TASK STATEMENT »
Until you reach the line containing "#3117 = CARTESIAN_POINT", reproduce each line of the listing exactly, please, and include that line as well.

---*---

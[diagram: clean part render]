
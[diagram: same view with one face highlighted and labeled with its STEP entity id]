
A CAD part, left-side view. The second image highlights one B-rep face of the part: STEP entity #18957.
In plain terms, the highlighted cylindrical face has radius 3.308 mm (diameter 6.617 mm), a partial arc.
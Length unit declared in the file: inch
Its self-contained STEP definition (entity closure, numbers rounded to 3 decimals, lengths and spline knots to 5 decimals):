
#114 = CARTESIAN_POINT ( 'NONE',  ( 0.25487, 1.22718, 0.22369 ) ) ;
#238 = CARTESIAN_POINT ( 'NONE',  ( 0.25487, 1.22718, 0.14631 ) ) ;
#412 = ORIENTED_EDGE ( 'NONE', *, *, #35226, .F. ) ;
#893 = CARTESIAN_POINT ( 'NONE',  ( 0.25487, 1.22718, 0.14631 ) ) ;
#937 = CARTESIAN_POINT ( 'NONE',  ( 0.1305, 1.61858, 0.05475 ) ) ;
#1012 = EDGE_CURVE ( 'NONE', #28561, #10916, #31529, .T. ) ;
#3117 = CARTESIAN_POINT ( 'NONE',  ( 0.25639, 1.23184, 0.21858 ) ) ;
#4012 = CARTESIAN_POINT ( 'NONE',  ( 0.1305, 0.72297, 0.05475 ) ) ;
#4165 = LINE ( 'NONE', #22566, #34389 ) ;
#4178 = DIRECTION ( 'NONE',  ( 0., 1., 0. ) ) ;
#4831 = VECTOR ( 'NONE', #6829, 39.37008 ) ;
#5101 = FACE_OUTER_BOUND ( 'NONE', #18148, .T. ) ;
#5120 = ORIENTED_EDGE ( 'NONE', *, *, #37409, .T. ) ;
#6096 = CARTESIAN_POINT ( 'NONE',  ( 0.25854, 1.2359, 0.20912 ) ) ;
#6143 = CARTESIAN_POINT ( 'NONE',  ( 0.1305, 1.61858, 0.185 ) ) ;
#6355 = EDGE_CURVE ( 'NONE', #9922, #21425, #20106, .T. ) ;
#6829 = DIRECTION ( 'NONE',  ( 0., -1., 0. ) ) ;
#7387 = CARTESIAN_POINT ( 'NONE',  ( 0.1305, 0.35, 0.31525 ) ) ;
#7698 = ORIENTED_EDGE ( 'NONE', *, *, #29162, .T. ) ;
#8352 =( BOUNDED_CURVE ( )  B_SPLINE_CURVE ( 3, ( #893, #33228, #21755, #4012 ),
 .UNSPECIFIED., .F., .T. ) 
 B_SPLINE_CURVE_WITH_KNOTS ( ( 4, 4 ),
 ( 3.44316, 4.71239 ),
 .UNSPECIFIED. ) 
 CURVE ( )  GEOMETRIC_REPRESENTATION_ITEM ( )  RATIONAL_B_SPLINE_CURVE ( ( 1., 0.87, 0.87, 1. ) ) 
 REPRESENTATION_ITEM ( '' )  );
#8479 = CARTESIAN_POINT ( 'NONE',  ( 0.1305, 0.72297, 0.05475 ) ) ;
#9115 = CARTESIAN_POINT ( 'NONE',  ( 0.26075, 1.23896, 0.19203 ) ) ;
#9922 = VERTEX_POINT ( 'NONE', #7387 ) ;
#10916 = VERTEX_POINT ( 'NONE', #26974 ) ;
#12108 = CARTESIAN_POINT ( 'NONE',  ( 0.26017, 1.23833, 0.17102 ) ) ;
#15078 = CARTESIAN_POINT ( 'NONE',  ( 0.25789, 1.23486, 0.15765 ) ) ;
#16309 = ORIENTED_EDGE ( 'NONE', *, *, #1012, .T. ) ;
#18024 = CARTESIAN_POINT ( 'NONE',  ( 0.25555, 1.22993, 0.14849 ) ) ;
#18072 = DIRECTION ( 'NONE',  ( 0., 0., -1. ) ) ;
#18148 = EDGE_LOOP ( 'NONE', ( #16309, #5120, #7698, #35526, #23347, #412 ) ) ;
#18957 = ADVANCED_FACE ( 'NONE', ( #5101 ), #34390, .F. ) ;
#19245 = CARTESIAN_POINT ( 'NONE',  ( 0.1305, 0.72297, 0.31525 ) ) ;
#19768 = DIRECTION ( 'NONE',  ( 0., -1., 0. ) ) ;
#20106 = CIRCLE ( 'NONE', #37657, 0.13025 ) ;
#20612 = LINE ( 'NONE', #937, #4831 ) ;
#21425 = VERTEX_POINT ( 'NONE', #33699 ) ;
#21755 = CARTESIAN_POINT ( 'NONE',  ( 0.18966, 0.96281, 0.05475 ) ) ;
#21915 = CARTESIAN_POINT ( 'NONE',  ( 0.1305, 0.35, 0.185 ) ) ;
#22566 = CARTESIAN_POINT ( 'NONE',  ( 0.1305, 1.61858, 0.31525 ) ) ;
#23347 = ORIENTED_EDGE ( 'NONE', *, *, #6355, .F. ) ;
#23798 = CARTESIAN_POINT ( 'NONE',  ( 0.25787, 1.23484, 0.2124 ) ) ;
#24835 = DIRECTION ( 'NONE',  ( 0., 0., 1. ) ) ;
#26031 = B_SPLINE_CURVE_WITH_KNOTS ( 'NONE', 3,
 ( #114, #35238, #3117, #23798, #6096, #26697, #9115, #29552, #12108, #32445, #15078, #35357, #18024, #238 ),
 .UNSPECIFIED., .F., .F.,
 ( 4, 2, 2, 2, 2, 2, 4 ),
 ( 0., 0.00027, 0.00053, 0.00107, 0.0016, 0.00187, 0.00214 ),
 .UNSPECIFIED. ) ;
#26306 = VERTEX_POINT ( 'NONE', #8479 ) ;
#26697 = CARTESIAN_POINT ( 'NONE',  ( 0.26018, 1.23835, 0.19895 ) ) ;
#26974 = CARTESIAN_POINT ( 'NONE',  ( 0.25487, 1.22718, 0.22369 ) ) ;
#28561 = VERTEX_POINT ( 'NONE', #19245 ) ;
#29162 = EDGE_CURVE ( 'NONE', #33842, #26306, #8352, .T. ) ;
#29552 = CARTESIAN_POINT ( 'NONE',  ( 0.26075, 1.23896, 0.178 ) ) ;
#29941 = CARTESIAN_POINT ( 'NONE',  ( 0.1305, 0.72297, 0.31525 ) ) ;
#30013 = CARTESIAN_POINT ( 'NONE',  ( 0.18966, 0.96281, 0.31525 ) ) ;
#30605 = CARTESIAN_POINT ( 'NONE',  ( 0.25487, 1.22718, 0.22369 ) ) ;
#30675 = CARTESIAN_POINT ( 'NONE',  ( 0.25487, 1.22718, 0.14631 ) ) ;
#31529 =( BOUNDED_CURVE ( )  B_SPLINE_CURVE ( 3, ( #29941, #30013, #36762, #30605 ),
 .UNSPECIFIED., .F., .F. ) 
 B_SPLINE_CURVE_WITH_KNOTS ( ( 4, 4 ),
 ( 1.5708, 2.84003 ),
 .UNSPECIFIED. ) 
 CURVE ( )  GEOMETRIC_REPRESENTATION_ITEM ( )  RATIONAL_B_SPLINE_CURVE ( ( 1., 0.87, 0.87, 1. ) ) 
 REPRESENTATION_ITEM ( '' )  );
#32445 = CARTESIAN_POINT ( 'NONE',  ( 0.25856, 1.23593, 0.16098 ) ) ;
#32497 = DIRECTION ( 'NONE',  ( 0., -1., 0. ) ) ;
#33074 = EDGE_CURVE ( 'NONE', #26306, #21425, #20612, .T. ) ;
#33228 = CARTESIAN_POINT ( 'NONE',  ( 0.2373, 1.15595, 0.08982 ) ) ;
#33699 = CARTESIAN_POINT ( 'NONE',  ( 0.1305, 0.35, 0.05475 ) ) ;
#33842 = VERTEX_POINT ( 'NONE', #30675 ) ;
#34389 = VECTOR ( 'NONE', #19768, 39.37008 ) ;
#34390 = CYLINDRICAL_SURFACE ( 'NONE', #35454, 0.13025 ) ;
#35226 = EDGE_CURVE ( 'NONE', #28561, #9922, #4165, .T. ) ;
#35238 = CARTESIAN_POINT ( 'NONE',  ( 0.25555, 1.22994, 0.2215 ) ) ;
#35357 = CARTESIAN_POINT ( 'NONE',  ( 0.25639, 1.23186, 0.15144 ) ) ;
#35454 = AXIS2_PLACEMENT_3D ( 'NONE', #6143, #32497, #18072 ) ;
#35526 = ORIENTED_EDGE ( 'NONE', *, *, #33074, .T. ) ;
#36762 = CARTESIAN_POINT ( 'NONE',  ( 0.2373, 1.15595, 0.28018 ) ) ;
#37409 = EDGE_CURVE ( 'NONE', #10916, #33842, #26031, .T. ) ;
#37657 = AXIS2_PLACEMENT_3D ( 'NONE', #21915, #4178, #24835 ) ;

---*---

TASK RESULT »
[diagram: clean part render]
[diagram: same view with one face highlighted and labeled with its STEP entity id]
A CAD part, left-side view. The second image highlights one B-rep face of the part: STEP entity #18957.
In plain terms, the highlighted cylindrical face has radius 3.308 mm (diameter 6.617 mm), a partial arc.
Length unit declared in the file: inch
Its self-contained STEP definition (entity closure, numbers rounded to 3 decimals, lengths and spline knots to 5 decimals):
#114 = CARTESIAN_POINT ( 'NONE',  ( 0.25487, 1.22718, 0.22369 ) ) ;
#238 = CARTESIAN_POINT ( 'NONE',  ( 0.25487, 1.22718, 0.14631 ) ) ;
#412 = ORIENTED_EDGE ( 'NONE', *, *, #35226, .F. ) ;
#893 = CARTESIAN_POINT ( 'NONE',  ( 0.25487, 1.22718, 0.14631 ) ) ;
#937 = CARTESIAN_POINT ( 'NONE',  ( 0.1305, 1.61858, 0.05475 ) ) ;
#1012 = EDGE_CURVE ( 'NONE', #28561, #10916, #31529, .T. ) ;
#3117 = CARTESIAN_POINT ( 'NONE',  ( 0.25639, 1.23184, 0.21858 ) ) ;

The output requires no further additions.